Plastic film mulching affects N2O emission and ammonia oxidizers in drip irrigated potato soil in northwest China

In soil, ammonia-oxidizing bacteria (AOB) and ammonia-oxidizing archaea (AOA) are regarded as key factors mediating nitrous oxide (N2O) production and emission. However, there are scarce reports about the effect of film mulching on ammonia oxidizers, and the biological nitrification process of N2O emission is unclear. This study was based on potato field experiments under different mulching films, including polyethylene mulching film (PM), transparent degradable mulching film (TDM), black degradable mulching film (BDM), and bare land (CK). AOB and AOA abundances were estimated using real-time PCR, and their diversity and community structure were measured using high-throughput sequencing. Result revealed that the total N2O emission from CK was 12.32%-41.03% higher than that from film mulching soil. Under film mulching, according to total N2O emission from soil and N2O concentration in soil treatments were ordered as PM > BDM > TDM, and N2O production was closely correlated with copy numbers of the amoA gene.

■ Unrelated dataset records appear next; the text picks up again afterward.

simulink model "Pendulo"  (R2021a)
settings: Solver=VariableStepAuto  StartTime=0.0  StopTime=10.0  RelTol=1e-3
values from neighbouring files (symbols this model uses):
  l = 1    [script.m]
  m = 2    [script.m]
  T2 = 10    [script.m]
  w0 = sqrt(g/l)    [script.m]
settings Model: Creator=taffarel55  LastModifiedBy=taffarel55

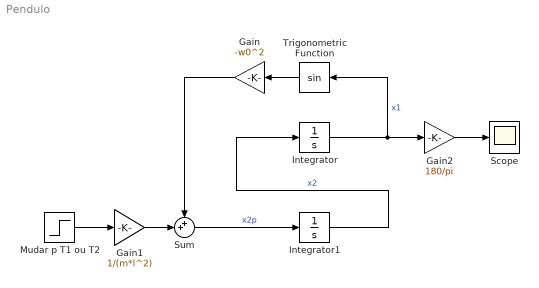
== system Pendulo ==
  Gain : Gain  Gain=-w0^2
  Gain1 : Gain  Gain=1/(m*l^2)
  Gain2 : Gain  Gain=180/pi
  Integrator : Integrator
  Integrator1 : Integrator
  Mudar p T1 ou T2 : Step  After=T2  SampleTime=0
  Scope : Scope
  Sum : Sum  Inputs=++|
  Trigonometric Function : Trigonometry
  wires:
  Integrator/1 -> Gain2/1, Trigonometric Function/1  "x1"
  Sum/1 -> Integrator1/1  "x2p"
  Integrator1/1 -> Integrator/1  "x2"
  Trigonometric Function/1 -> Gain/1
  Gain/1 -> Sum/1
  Gain1/1 -> Sum/2
  Mudar p T1 ou T2/1 -> Gain1/1
  Gain2/1 -> Scope/1
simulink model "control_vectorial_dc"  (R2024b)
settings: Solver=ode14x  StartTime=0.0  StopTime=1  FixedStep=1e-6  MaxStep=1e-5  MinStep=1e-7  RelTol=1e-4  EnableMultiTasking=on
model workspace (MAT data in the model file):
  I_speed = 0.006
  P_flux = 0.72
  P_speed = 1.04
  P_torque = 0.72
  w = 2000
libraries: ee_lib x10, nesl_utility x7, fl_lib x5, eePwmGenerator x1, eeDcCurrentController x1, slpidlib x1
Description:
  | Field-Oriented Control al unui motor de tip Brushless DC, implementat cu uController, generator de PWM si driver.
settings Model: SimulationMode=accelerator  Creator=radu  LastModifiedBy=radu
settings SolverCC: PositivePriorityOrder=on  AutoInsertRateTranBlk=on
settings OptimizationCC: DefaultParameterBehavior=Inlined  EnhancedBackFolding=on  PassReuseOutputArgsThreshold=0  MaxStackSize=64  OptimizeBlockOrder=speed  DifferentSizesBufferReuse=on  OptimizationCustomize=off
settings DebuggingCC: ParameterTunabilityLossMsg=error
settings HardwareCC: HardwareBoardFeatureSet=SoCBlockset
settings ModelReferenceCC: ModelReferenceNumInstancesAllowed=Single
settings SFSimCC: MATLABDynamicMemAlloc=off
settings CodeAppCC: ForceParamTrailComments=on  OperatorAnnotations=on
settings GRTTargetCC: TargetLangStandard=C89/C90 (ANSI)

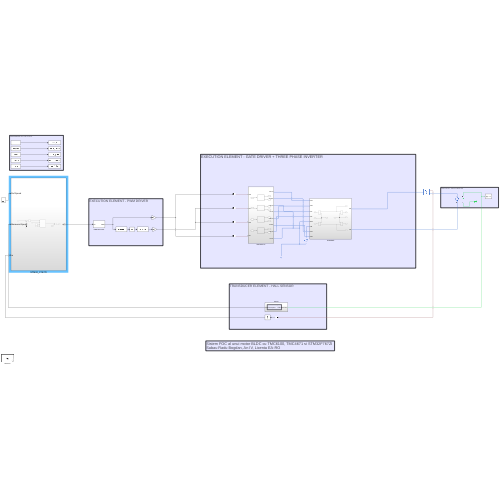
[thumbnail: Simulink's stored preview of the top-level diagram]
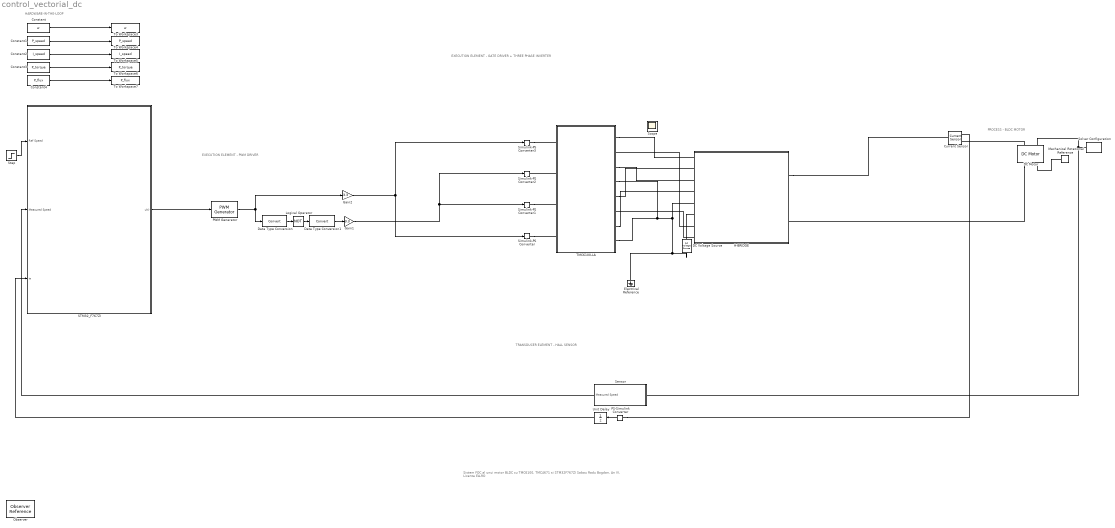
== system control_vectorial_dc ==
  note: HARDWARE-IN-THE-LOOP
  note: EXECUTION ELEMENT - PWM DRIVER
  note: PROCESS - BLDC MOTOR
  note: Sistem FOC al unui motor BLDC cu TMC6100, TMC4671 si STM32F767ZI
      | Sabau Radu Bogdan, An IV, Licenta EA-RO
  note: TRANSDUCER ELEMENT - HALL SENSOR
  note: EXECUTION ELEMENT - GATE DRIVER + THREE PHASE INVERTER
  Constant : Constant  Value=w
  Constant1 : Constant  Value=P_speed
  Constant2 : Constant  Value=I_speed
  Constant3 : Constant  Value=P_torque
  Constant4 : Constant  Value=P_flux
  Current Sensor : fl_lib/Electrical/Electrical Sensors/Current Sensor
  DC Motor : ee_lib/Electromechanical/Brushed Motors/DC Motor  field_option=ee.enum.field_option.pm  Rf=100 Ohm  Lf=1 H  Laf=0.15 H  If0=0 A  parameterization=ee.enum.dcparam_option.load_speed  Ra=3.9 Ohm  La=565e-6 H  emf_or_torque=ee.enum.emf_or_torque.kv  Kv=0.072e-3 V/rpm  Ki=6.876e-4 N*m/A  T_stall=0.24e-3 N*m  w_max=14974 rpm  w_rated=12850 rpm  P_rated=9.504 W  V_rated=12 V  lam_param=ee.enum.lam_param.damping  i_noload=0 A  V_i_noload=1.5 V  J=1e-6 kg*m^2  lam=5e-6 N*m*s/rad  speed0=0 rpm  t_fault_armature=1 s  t_fault_field=1 s  fault_action=simscape.enum.assert.action.none  alpha=3.93e-3 1/K  Tmeas=25 degC  thermal_mass=100 J/K  initial_temperature=25 degC
  DC Voltage Source : ee_lib/Additional Components/SPICE Sources/DC Voltage Source  DC=12 V
  Data Type Conversion : DataTypeConversion  SaturateOnIntegerOverflow=off  RndMeth=Floor
  Data Type Conversion1 : DataTypeConversion  SaturateOnIntegerOverflow=off  RndMeth=Floor
  Electrical Reference : fl_lib/Electrical/Electrical Elements/Electrical Reference
  Gain1 : Gain  Gain=3.3  OutDataTypeStr=double
  Gain2 : Gain  Gain=3.3  OutDataTypeStr=double
  H-BRIDGE : Subsystem
  Logical Operator : Logic  Operator=NOT  AllPortsSameDT=off  OutDataTypeStr=boolean
  Mechanical Rotational Reference : fl_lib/Mechanical/Rotational Elements/Mechanical Rotational Reference
  Observer : ObserverReference  ObserverModelName=control_vectorial_dc_v2_Observer1
  PS-Simulink Converter : nesl_utility/PS-Simulink Converter  PhysicalDomain=network_engine_domain  SubClassName=ps_output  LeftPortType=input  RightPortType=output  PseudoPeriodic=off  Frequencies=[]  VectorFormat=inherit  Unit=inherit  AffineConversion=off
  PWM Generator : eePwmGenerator/PWM Generator  CarrCount=Up  Tper=0.00002  Tdelay=0  Ts=1e-6
  STM32_F767ZI : Subsystem
  Sensor : Subsystem
  Simulink-PS Converter{,1..3} (4 alike) : nesl_utility/Simulink-PS Converter  PhysicalDomain=network_engine_domain  SubClassName=ps_input  LeftPortType=input  RightPortType=output  PseudoPeriodic=off  Frequencies=[]  NoiseDistribution=none  NoiseParameters=[]  Unit=1  AffineConversion=off  FilteringAndDerivatives=provide  SimscapeFilterOrder=1  InputFilterTimeConstant=0.001  UdotUserProvided=0
  Solver Configuration : nesl_utility/Solver Configuration  PhysicalDomain=network_engine_domain  SubClassName=solver  LeftPortType=input  RightPortType=generic  Tones=[]  Harmonics=[]  SimulateNoise=off  Profile=off  UseLocalSampling=off  EnableSwitchedLinearOptims=on  FrequencyDomain=off  UseCCode=off  RelTol=0.001  AbsTol=0.001  MinStep=1e-09  ToWorkspace=off  RevertToSquareIcSolve=off  NumHomotopyIterations=100  PhasorMode=off  PhasorModeNumHarmonics=1  ConsistencySolver=NEWTON_XTOL_AFTER_FTOL  IndexReductionMethod=DerivativeReplacement  DoDC=off  ResidualTolerance=1e-09  ConsistencyTolSource=GLOBAL  ConsistencyAbsTol=0.001  ConsistencyRelTol=0.001  ConsistencyTolFactor=1e-4  UseLocalSolver=on  LocalSolverChoice=NE_TRAPEZOIDAL_ADVANCER  ResolveIndetEquations=on  FunctionEvalNumThread=1  LocalSolverSampleTime=1e-6  DoFixedCost=on  MaxNonlinIter=3  MaxModeIter=2  ComputeImpulses=off  ImpulseIterations=2  LinearAlgebra=auto  LinearAlgebraNumThread=0  EquationFormulation=NE_TIME_EF  DelaysMemoryBudget=1024  AutomaticFiltering=on  FilteringTimeConstant=0.001  PartitionStorageMethod=AS_NEEDED  PartitionMemoryBudget=1024  PartitionMethod=ROBUST  MultibodyUseLocalSolver=off  MultibodyLocalSolverChoice=ODE1  MultibodyLocalSolverSampleTime=0.001
  Step : Step  Time=0  After=2500  SampleTime=1e-6
  TMC6100-LA : Subsystem
  To Workspace3 : ToWorkspace  VariableName=w  SaveFormat=Timeseries  SampleTime=-1
  To Workspace4 : ToWorkspace  VariableName=P_speed  SaveFormat=Timeseries  SampleTime=-1
  To Workspace5 : ToWorkspace  VariableName=I_speed  SaveFormat=Timeseries  SampleTime=-1
  To Workspace6 : ToWorkspace  VariableName=P_torque  SaveFormat=Timeseries  SampleTime=-1
  To Workspace7 : ToWorkspace  VariableName=P_flux  SaveFormat=Timeseries  SampleTime=-1
  Unit Delay : UnitDelay  SampleTime=-1  HasFrameUpgradeWarning=on
  Scope : Scope
  wires:
  Sensor/1(Measured Speed) -> STM32_F767ZI/2(Measured Speed)
  Step/1 -> STM32_F767ZI/1(Ref Speed)
  Constant/1 -> To Workspace3/1
  Constant4/1 -> To Workspace7/1
  Constant2/1 -> To Workspace5/1
  Constant3/1 -> To Workspace6/1
  Constant1/1 -> To Workspace4/1
  PWM Generator/1 -> Gain2/1, Data Type Conversion/1
  STM32_F767ZI/1(u(t)) -> PWM Generator/1
  Data Type Conversion/1 -> Logical Operator/1
  Data Type Conversion1/1 -> Gain1/1
  Logical Operator/1 -> Data Type Conversion1/1
  PS-Simulink Converter/1 -> Unit Delay/1
  Unit Delay/1 -> STM32_F767ZI/3(ia)
  Gain1/1 -> Simulink-PS Converter1/1, Simulink-PS Converter2/1
  Gain2/1 -> Simulink-PS Converter/1, Simulink-PS Converter3/1
  connections:
  Sensor/LConn1 -- Solver Configuration/RConn1 -- DC Motor/LConn2
  Mechanical Rotational Reference/LConn1 -- DC Motor/RConn2
  TMC6100-LA/RConn1 -- H-BRIDGE/LConn1
  TMC6100-LA/RConn3 -- H-BRIDGE/LConn3
  TMC6100-LA/RConn5 -- H-BRIDGE/LConn2
  TMC6100-LA/RConn7 -- H-BRIDGE/LConn4
  TMC6100-LA/RConn8 -- TMC6100-LA/RConn4 -- DC Voltage Source/RConn1 -- Electrical Reference/LConn1 -- H-BRIDGE/LConn5
  H-BRIDGE/LConn6 -- DC Voltage Source/LConn1
  Simulink-PS Converter3/RConn1 -- TMC6100-LA/LConn1
  TMC6100-LA/LConn2 -- Simulink-PS Converter2/RConn1
  Simulink-PS Converter1/RConn1 -- TMC6100-LA/LConn3
  Simulink-PS Converter/RConn1 -- TMC6100-LA/LConn4
  H-BRIDGE/LConn7 -- TMC6100-LA/RConn2
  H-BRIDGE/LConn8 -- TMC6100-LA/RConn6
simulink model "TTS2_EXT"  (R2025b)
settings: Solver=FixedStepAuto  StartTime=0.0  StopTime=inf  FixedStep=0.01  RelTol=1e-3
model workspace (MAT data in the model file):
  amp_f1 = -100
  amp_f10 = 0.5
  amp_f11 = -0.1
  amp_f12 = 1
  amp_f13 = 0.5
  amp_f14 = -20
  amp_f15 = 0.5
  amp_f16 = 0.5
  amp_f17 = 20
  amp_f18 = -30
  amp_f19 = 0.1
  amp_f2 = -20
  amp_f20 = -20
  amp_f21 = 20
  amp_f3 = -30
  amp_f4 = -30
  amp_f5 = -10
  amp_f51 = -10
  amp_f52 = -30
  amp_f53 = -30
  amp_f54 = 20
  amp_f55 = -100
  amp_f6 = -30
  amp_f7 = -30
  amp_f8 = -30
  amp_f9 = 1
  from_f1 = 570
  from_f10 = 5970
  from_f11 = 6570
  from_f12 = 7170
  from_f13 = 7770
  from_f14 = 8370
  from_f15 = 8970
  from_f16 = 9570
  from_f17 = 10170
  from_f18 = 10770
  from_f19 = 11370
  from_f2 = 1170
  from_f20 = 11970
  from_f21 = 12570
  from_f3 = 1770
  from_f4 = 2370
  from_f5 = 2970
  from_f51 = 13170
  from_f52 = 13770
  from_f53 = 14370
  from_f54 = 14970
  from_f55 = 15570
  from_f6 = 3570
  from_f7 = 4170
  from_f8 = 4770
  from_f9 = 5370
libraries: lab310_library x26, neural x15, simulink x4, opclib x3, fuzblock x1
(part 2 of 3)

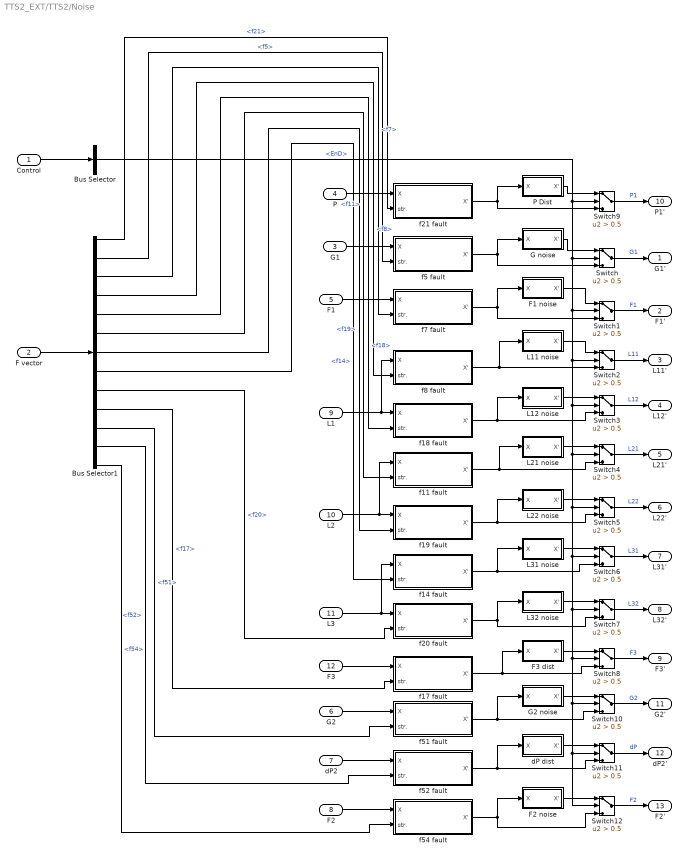
== system TTS2_EXT/TTS2/Noise ==
  Control : Inport
  F vector : Inport  Port=2
  G1 : Inport  Port=3
  P : Inport  Port=4
  F1 : Inport  Port=5
  G2 : Inport  Port=6
  dP2 : Inport  Port=7
  F2 : Inport  Port=8
  L1 : Inport  Port=9
  L2 : Inport  Port=10
  L3 : Inport  Port=11
  F3 : Inport  Port=12
  Bus Selector : BusSelector  OutputSignals=EnD
  Bus Selector1 : BusSelector  OutputSignals=f21,f5,f7,f8,f18,f11,f19,f14,f20,f17,f51,f52,f54
  F1 noise : Subsystem
  F2 noise : Subsystem
  F3 dist : Subsystem
  G noise : Subsystem
  G2 noise : Subsystem
  L11 noise : Subsystem
  L12 noise : Subsystem
  L21 noise : Subsystem
  L22 noise : Subsystem
  L31 noise : Subsystem
  L32 noise : Subsystem
  P Dist : Subsystem
  Switch{,1..12} (13 alike) : Switch  Criteria=u2 > Threshold  Threshold=0.5  SaturateOnIntegerOverflow=off  InputSameDT=off
  dP dist : Subsystem
  f11 fault : Subsystem
  f14 fault : Subsystem
  f17 fault : Subsystem
  f18 fault : Subsystem
  f19 fault : Subsystem
  f20 fault : Subsystem
  f21 fault : Subsystem
  f5 fault : Subsystem
  f51 fault : Subsystem
  f52 fault : Subsystem
  f54 fault : Subsystem
  f7 fault : Subsystem
  f8 fault : Subsystem
  G1' : Outport  VectorParamsAs1DForOutWhenUnconnected=off
  F1' : Outport  Port=2  VectorParamsAs1DForOutWhenUnconnected=off
  L11' : Outport  Port=3  VectorParamsAs1DForOutWhenUnconnected=off
  L12' : Outport  Port=4  VectorParamsAs1DForOutWhenUnconnected=off
  L21' : Outport  Port=5  VectorParamsAs1DForOutWhenUnconnected=off
  L22' : Outport  Port=6  VectorParamsAs1DForOutWhenUnconnected=off
  L31' : Outport  Port=7  VectorParamsAs1DForOutWhenUnconnected=off
  L32' : Outport  Port=8  VectorParamsAs1DForOutWhenUnconnected=off
  F3' : Outport  Port=9  VectorParamsAs1DForOutWhenUnconnected=off
  P1' : Outport  Port=10  VectorParamsAs1DForOutWhenUnconnected=off
  G2' : Outport  Port=11  VectorParamsAs1DForOutWhenUnconnected=off
  dP2' : Outport  Port=12  VectorParamsAs1DForOutWhenUnconnected=off
  F2' : Outport  Port=13  VectorParamsAs1DForOutWhenUnconnected=off
  wires:
  f21 fault/1(X') -> P Dist/1(X), Switch9/3
  P Dist/1(X') -> Switch9/1
  Switch9/1 -> P1'/1  "P1"
  P/1 -> f21 fault/1(X)
  Switch2/1 -> L11'/1  "L11"
  Switch8/1 -> F3'/1  "F3"
  Switch7/1 -> L32'/1  "L32"
  F1 noise/1(X') -> Switch1/1
  Switch3/1 -> L12'/1  "L12"
  Switch4/1 -> L21'/1  "L21"
  Switch6/1 -> L31'/1  "L31"
  L11 noise/1(X') -> Switch2/1
  G noise/1(X') -> Switch/1
  Switch5/1 -> L22'/1  "L22"
  f20 fault/1(X') -> Switch7/3, L32 noise/1(X)
  F3 dist/1(X') -> Switch8/1
  f11 fault/1(X') -> Switch4/3, L21 noise/1(X)
  L32 noise/1(X') -> Switch7/1
  L31 noise/1(X') -> Switch6/1
  f18 fault/1(X') -> Switch3/3, L12 noise/1(X)
  F1/1 -> f7 fault/1(X)
  L22 noise/1(X') -> Switch5/1
  L1/1 -> f18 fault/1(X), f8 fault/1(X)
  L2/1 -> f11 fault/1(X), f19 fault/1(X)
  Switch/1 -> G1'/1  "G1"
  f5 fault/1(X') -> Switch/3, G noise/1(X)
  L21 noise/1(X') -> Switch4/1
  f19 fault/1(X') -> Switch5/3, L22 noise/1(X)
  Bus Selector/1 -> Switch9/2, Switch8/2, Switch12/2, Switch11/2, Switch10/2, Switch7/2, Switch6/2, Switch5/2, Switch4/2, Switch3/2, Switch2/2, Switch1/2, Switch/2  "<EnD>"
  f17 fault/1(X') -> F3 dist/1(X), Switch8/3
  Switch1/1 -> F1'/1  "F1"
  L12 noise/1(X') -> Switch3/1
  f8 fault/1(X') -> Switch2/3, L11 noise/1(X)
  f14 fault/1(X') -> Switch6/3, L31 noise/1(X)
  f7 fault/1(X') -> Switch1/3, F1 noise/1(X)
  L3/1 -> f14 fault/1(X), f20 fault/1(X)
  G1/1 -> f5 fault/1(X)
  Control/1 -> Bus Selector/1
  F vector/1 -> Bus Selector1/1
  Bus Selector1/1 -> f21 fault/2(str.)  "<f21>"
  Bus Selector1/2 -> f5 fault/2(str.)  "<f5>"
  Bus Selector1/3 -> f7 fault/2(str.)  "<f7>"
  Bus Selector1/4 -> f8 fault/2(str.)  "<f8>"
  Bus Selector1/5 -> f18 fault/2(str.)  "<f18>"
  Bus Selector1/6 -> f11 fault/2(str.)  "<f11>"
  Bus Selector1/7 -> f19 fault/2(str.)  "<f19>"
  Bus Selector1/8 -> f14 fault/2(str.)  "<f14>"
  Bus Selector1/9 -> f20 fault/2(str.)  "<f20>"
  Bus Selector1/10 -> f17 fault/2(str.)  "<f17>"
  dP2/1 -> f52 fault/1(X)
  G2/1 -> f51 fault/1(X)
  Switch12/1 -> F2'/1  "F2"
  Switch11/1 -> dP2'/1  "dP"
  Switch10/1 -> G2'/1  "G2"
  f54 fault/1(X') -> F2 noise/1(X), Switch12/3
  f52 fault/1(X') -> Switch11/3, dP dist/1(X)
  f51 fault/1(X') -> Switch10/3, G2 noise/1(X)
  G2 noise/1(X') -> Switch10/1
  dP dist/1(X') -> Switch11/1
  F2 noise/1(X') -> Switch12/1
  Bus Selector1/11 -> f51 fault/2(str.)  "<f51>"
  Bus Selector1/12 -> f52 fault/2(str.)  "<f52>"
  Bus Selector1/13 -> f54 fault/2(str.)  "<f54>"
  F2/1 -> f54 fault/1(X)
  F3/1 -> f17 fault/1(X)

== system TTS2_EXT/TTS2/Pump+pipe+control valve ==
  CV1 : Inport
  F vec : Inport  Port=2
  CV2 : Inport  Port=3
  Add : Sum
  Bus Selector : BusSelector  OutputSignals=f1,f2,f4,f6,f53
  Patm[kPa] : Constant  Value=1.013  OutMin=[0.1013]  OutMax=[2.026]
  Pump control [%] : Constant  Value=pc  mask{pc=100.0}
      mask prompts: pc "Pump control"
  Pump+Pipe : Subsystem
  V1 : Subsystem
  V2 : Subsystem
  f1 fault : Subsystem
  f2 fault : Subsystem
  X1[%] : Outport  VectorParamsAs1DForOutWhenUnconnected=off
  F1[m3/s] : Outport  Port=2  VectorParamsAs1DForOutWhenUnconnected=off
  dP1[kPa] : Outport  Port=3  VectorParamsAs1DForOutWhenUnconnected=off
  P[kPa] : Outport  Port=4  VectorParamsAs1DForOutWhenUnconnected=off
  X2[%] : Outport  Port=5  VectorParamsAs1DForOutWhenUnconnected=off
  F2[m3/s] : Outport  Port=6  VectorParamsAs1DForOutWhenUnconnected=off
  dP2[kPa] : Outport  Port=7  VectorParamsAs1DForOutWhenUnconnected=off
  wires:
  Pump control [%]/1 -> f1 fault/1(X)
  f2 fault/1(Xf) -> Pump+Pipe/1(MP)
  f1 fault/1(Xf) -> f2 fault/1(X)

BDM significantly increased the number of amoA-AOB gene copies (P < 0.01), and PM significantly increased the those of amoA-AOA (P < 0.01). BDM and TDM increased AOB operational taxonomic units (OTUs), Chao1, Simpson, and Shannon indices, while PM increased the AOA OTUs and Chao1 index. Variations in AOA abundance and diversity were closely related to soil mineral N and temperature changes induced by polyethylene film mulching (P < 0.05), whereas AOB showed no significant association with soil properties. Meanwhile, we did not find a distinct treatment effect on AOB community structure. Our findings indicate that (i) degradable film mulching increased AOB abundance and diversity and N2O concentration, but obviously reduced N2O emissions, and (ii) AOA were more sensitive than AOB to polyethylene mulching film.